- **What is expected**
Take the entries below and print only the lines from the one with "Part Number: Delb_Tail_v1" through the one with "plane through (0, 0, 0)", exactly as they stand, both ends included.

- **Stored data**

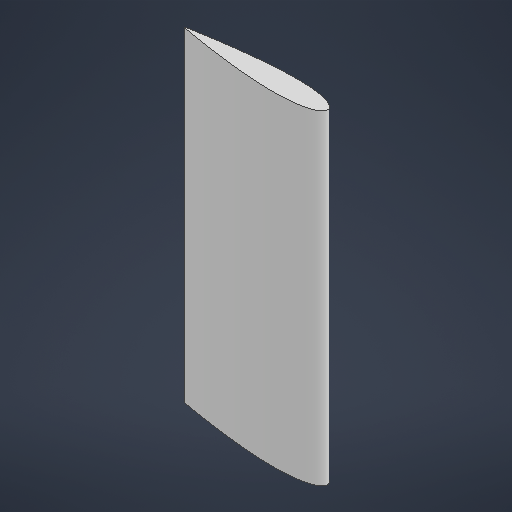
# Autodesk Inventor part: Delb_Tail_v1
Saved by Autodesk Inventor 2026 (Build 300175050, 175E)
## iProperties
Created: 2026-06-09
Part Number: Delb_Tail_v1
Material: Generic
Document SubType Name: Modeling
Designer: Delbe
Density: 1 g/cm^3
Appearance: Default
Author: Delbe
Autodesk Inventor part; units mm, degrees
ref_plane "YZ Plane" through (0, 0, 0) normal (1, 0, 0) x (0, 1, 0)
ref_plane "XZ Plane" through (0, 0, 0) normal (0, 1, 0) x (-1, 0, 0)
ref_plane "XY Plane" through (0, 0, 0) normal (0, 0, 1) x (1, 0, 0)
sketch "Sketch2" plane through (0, 0, 0) normal (0, 1, 0) x (-1, 0, 0)
  spline S0 degree 4 poles (200, 0.3384) (199.9285, 0.3519) (199.5798, 0.4176) (198.995, 0.5274) (198.0088, 0.7116) (196.9736, 0.9037) (195.705, 1.1376) (194.2152, 1.41) (192.5037, 1.7198) (190.5766, 2.0649) (188.4376, 2.4433) (186.0922, 2.8528) (183.5455, 3.2909) (180.8037, 3.7555) (177.8732, 4.2438) (174.7608, 4.7535) (171.4737, 5.2818) (168.0197, 5.8262) (164.4069, 6.384) (160.6436, 6.9526) (156.7387, 7.529) (152.7012, 8.1108) (148.5407, 8.695) (144.2668, 9.2789) (139.8895, 9.8595) (135.4191, 10.4339) (130.8659, 10.9992) (126.2407, 11.5521) (121.5541, 12.0895) (116.8172, 12.6081) (112.041, 13.1046) (107.2368, 13.5756) (102.4155, 14.0177) (97.5886, 14.4272) (92.7674, 14.8008) (87.9629, 15.135) (83.1868, 15.4264) (78.4488, 15.6718) (73.7634, 15.8679) (69.1299, 16.0119) (64.5939, 16.1009) (60.0731, 16.1333) (55.7438, 16.1054) (51.4532, 16.0173) (47.2985, 15.8666) (43.259, 15.6529) (39.3535, 15.3755) (35.5885, 15.0346) (31.9741, 14.6306) (28.5182, 14.1645) (25.2291, 13.6375) (22.1141, 13.0517) (19.1806, 12.4088) (16.4352, 11.7117) (13.8843, 10.9626) (11.5334, 10.1647) (9.3877, 9.3207) (7.4518, 8.4337) (5.7294, 7.5061) (4.2247, 6.5402) (2.9382, 5.5378) (1.878, 4.499) (1.0353, 3.4244) (0.4461, 2.3127) (0.0433, 1.1716) (0.0208, 0.0001) (0.0433, -1.1717) (0.4461, -2.3127) (1.0353, -3.4244) (1.878, -4.499) (2.9382, -5.5378) (4.2247, -6.5402) (5.7294, -7.5061) (7.4518, -8.4337) (9.3877, -9.3207) (11.5334, -10.1647) (13.8843, -10.9626) (16.4352, -11.7117) (19.1806, -12.4088) (22.1141, -13.0517) (25.2291, -13.6375) (28.5182, -14.1645) (31.9741, -14.6306) (35.5885, -15.0346) (39.3535, -15.3755) (43.259, -15.6529) (47.2985, -15.8666) (51.4532, -16.0172) (55.7438, -16.1055) (60.0731, -16.133) (64.5939, -16.101) (69.1299, -16.0119) (73.7634, -15.8679) (78.4488, -15.6717) (83.1868, -15.4264) (87.9629, -15.135) (92.7674, -14.8008) (97.5886, -14.4272) (102.4155, -14.0177) (107.2368, -13.5756) (112.041, -13.1046) (116.8172, -12.6081) (121.5541, -12.0895) (126.2407, -11.5521) (130.8659, -10.9992) (135.4191, -10.4339) (139.8895, -9.8595) (144.2668, -9.2789) (148.5407, -8.695) (152.7012, -8.1108) (156.7387, -7.529) (160.6436, -6.9526) (164.4069, -6.384) (168.0197, -5.8262) (171.4737, -5.2818) (174.7608, -4.7535) (177.8732, -4.2438) (180.8037, -3.7555) (183.5455, -3.2909) (186.0922, -2.8528) (188.4376, -2.4433) (190.5766, -2.0649) (192.5037, -1.7198) (194.2152, -1.41) (195.705, -1.1376) (196.9736, -0.9037) (198.0088, -0.7116) (198.995, -0.5274) (199.5798, -0.4176) (199.9285, -0.3519) (200, -0.3384) knots 0 0 0 0 0 0.00627 0.009959 0.014251 0.019058 0.024323 0.030001 0.036056 0.04246 0.049186 0.056212 0.063517 0.071081 0.078888 0.086921 0.095164 0.103602 0.112222 0.121008 0.129949 0.13903 0.148239 0.157564 0.166991 0.176509 0.186106 0.19577 0.205489 0.215252 0.225046 0.23486 0.244683 0.254503 0.264308 0.274088 0.283831 0.293525 0.30316 0.312732 0.322213 0.331602 0.340885 0.350045 0.359086 0.367989 0.376743 0.385337 0.393758 0.401997 0.41004 0.417877 0.425497 0.432887 0.440037 0.446936 0.453573 0.459942 0.466037 0.471858 0.477412 0.48272 0.487816 0.492755 0.497596 0.502404 0.507245 0.512184 0.51728 0.522588 0.528142 0.533963 0.540058 0.546427 0.553064 0.559963 0.567113 0.574503 0.582123 0.58996 0.598003 0.606242 0.614663 0.623257 0.632011 0.640914 0.649955 0.659115 0.668398 0.677787 0.687268 0.69684 0.706475 0.716169 0.725912 0.735692 0.745497 0.755317 0.76514 0.774954 0.784748 0.794511 0.80423 0.813894 0.823491 0.833009 0.842436 0.851761 0.86097 0.870051 0.878992 0.887778 0.896398 0.904836 0.913079 0.921112 0.928919 0.936483 0.943788 0.950814 0.95754 0.963944 0.969999 0.975677 0.980942 0.985749 0.990041 0.99373 1 1 1 1 1
  line L0 (200, -0.3384) -> (200, 0.3384)
  line L1 (0.0318, 0) -> (60.0318, 0)
  line L2 (60.0318, 0) -> (60.0318, 16.1208)
  line L3 (60.0318, -16.1207) -> (60.0318, 16.1208)
  point P0 (0, 0)
  point P1 (199.8832, 0.3604)
  point P2 (199.5332, 0.4263)
  point P3 (198.9506, 0.5355)
  point P4 (198.137, 0.6875)
  point P5 (197.0942, 0.8811)
  point P6 (195.8246, 1.1152)
  point P7 (194.3312, 1.3883)
  point P8 (192.6175, 1.6986)
  point P9 (190.6874, 2.0443)
  point P10 (188.5456, 2.4232)
  point P11 (186.197, 2.8333)
  point P12 (183.647, 3.2722)
  point P13 (180.9017, 3.7374)
  point P14 (177.9674, 4.2264)
  point P15 (174.8511, 4.7368)
  point P16 (171.5599, 5.2659)
  point P17 (168.1016, 5.8111)
  point P18 (164.4842, 6.3696)
  point P19 (160.7163, 6.9389)
  point P20 (156.8065, 7.5162)
  point P21 (152.764, 8.0987)
  point P22 (148.5983, 8.6837)
  point P23 (144.3192, 9.2683)
  point P24 (139.9365, 9.8496)
  point P25 (135.4605, 10.4246)
  point P26 (130.9017, 10.9904)
  point P27 (126.2707, 11.5438)
  point P28 (121.5784, 12.0817)
  point P29 (116.8357, 12.6007)
  point P30 (112.0537, 13.0974)
  point P31 (107.2435, 13.5686)
  point P32 (102.4164, 14.0107)
  point P33 (97.5836, 14.4202)
  point P34 (92.7565, 14.7937)
  point P35 (87.9463, 15.1276)
  point P36 (83.1643, 15.4185)
  point P37 (78.4216, 15.6633)
  point P38 (73.7293, 15.8587)
  point P39 (69.0983, 16.0018)
  point P40 (64.5395, 16.0899)
  point P41 (55.6808, 16.0919)
  point P42 (51.4017, 16.002)
  point P43 (47.236, 15.8496)
  point P44 (43.1935, 15.6338)
  point P45 (39.2837, 15.3543)
  point P46 (35.5158, 15.0109)
  point P47 (31.8984, 14.6042)
  point P48 (28.4401, 14.1351)
  point P49 (25.1489, 13.6049)
  point P50 (22.0326, 13.0155)
  point P51 (19.0983, 12.3687)
  point P52 (16.353, 11.6672)
  point P53 (13.803, 10.9135)
  point P54 (11.4544, 10.1105)
  point P55 (9.3126, 9.2611)
  point P56 (7.3825, 8.3685)
  point P57 (5.6688, 7.4356)
  point P58 (4.1754, 6.4654)
  point P59 (2.9058, 5.4606)
  point P60 (1.863, 4.424)
  point P61 (1.0494, 3.3578)
  point P62 (0.4668, 2.264)
  point P63 (0.1168, 1.1443)
  point P64 (0.1168, -1.1443)
  point P65 (0.4668, -2.264)
  point P66 (1.0494, -3.3578)
  point P67 (1.863, -4.424)
  point P68 (2.9058, -5.4606)
  point P69 (4.1754, -6.4654)
  point P70 (5.6688, -7.4356)
  point P71 (7.3825, -8.3685)
  point P72 (9.3126, -9.2611)
  point P73 (11.4544, -10.1105)
  point P74 (13.803, -10.9135)
  point P75 (16.353, -11.6672)
  point P76 (19.0983, -12.3687)
  point P77 (22.0326, -13.0155)
  point P78 (25.1489, -13.6049)
  point P79 (28.4401, -14.1351)
  point P80 (31.8984, -14.6042)
  point P81 (35.5158, -15.0109)
  point P82 (39.2837, -15.3543)
  point P83 (43.1935, -15.6338)
  point P84 (47.236, -15.8496)
  point P85 (51.4017, -16.002)
  point P86 (55.6808, -16.0919)
  point P87 (64.5395, -16.0899)
  point P88 (69.0983, -16.0018)
  point P89 (73.7293, -15.8587)
  point P90 (78.4216, -15.6633)
  point P91 (83.1643, -15.4185)
  point P92 (87.9463, -15.1276)
  point P93 (92.7565, -14.7937)
  point P94 (97.5836, -14.4202)
  point P95 (102.4164, -14.0107)
  point P96 (107.2435, -13.5686)
  point P97 (112.0537, -13.0974)
  point P98 (116.8357, -12.6007)
  point P99 (121.5784, -12.0817)
  point P100 (126.2707, -11.5438)
  point P101 (130.9017, -10.9904)
  point P102 (135.4605, -10.4246)
  point P103 (139.9365, -9.8496)
  point P104 (144.3192, -9.2683)
  point P105 (148.5983, -8.6837)
  point P106 (152.764, -8.0987)
  point P107 (156.8065, -7.5162)
  point P108 (160.7163, -6.9389)
  point P109 (164.4842, -6.3696)
  point P110 (168.1016, -5.8111)
  point P111 (171.5599, -5.2659)
  point P112 (174.8511, -4.7368)
  point P113 (177.9674, -4.2264)
  point P114 (180.9017, -3.7374)
  point P115 (183.647, -3.2722)
  point P116 (186.197, -2.8333)
  point P117 (188.5456, -2.4232)
  point P118 (190.6874, -2.0443)
  point P119 (192.6175, -1.6986)
  point P120 (194.3312, -1.3883)
  point P121 (195.8246, -1.1152)
  point P122 (197.0942, -0.8811)
  point P123 (198.137, -0.6875)
  point P124 (198.9506, -0.5355)
  point P125 (199.5332, -0.4263)
  point P126 (199.8832, -0.3604)
  dimension "d6" = 60
  dimension "d7" = 32.2414
  constraints: 8 end point, 1 collinear, 1 horizontal, 1 perpendicular, 1 vertical, 131 other
  measures "d6" distance of L1.start L1.end
  measures "d7" distance of L3.start L2.end
extrude "Extrusion2" add sketch "Sketch2" along normal blind 453.491
body "Solid2"

- **Answer**
Part Number: Delb_Tail_v1
Material: Generic
Document SubType Name: Modeling
Designer: Delbe
Density: 1 g/cm^3
Appearance: Default
Author: Delbe
Autodesk Inventor part; units mm, degrees
ref_plane "YZ Plane" through (0, 0, 0) normal (1, 0, 0) x (0, 1, 0)
ref_plane "XZ Plane" through (0, 0, 0) normal (0, 1, 0) x (-1, 0, 0)
ref_plane "XY Plane" through (0, 0, 0) normal (0, 0, 1) x (1, 0, 0)
sketch "Sketch2" plane through (0, 0, 0) normal (0, 1, 0) x (-1, 0, 0)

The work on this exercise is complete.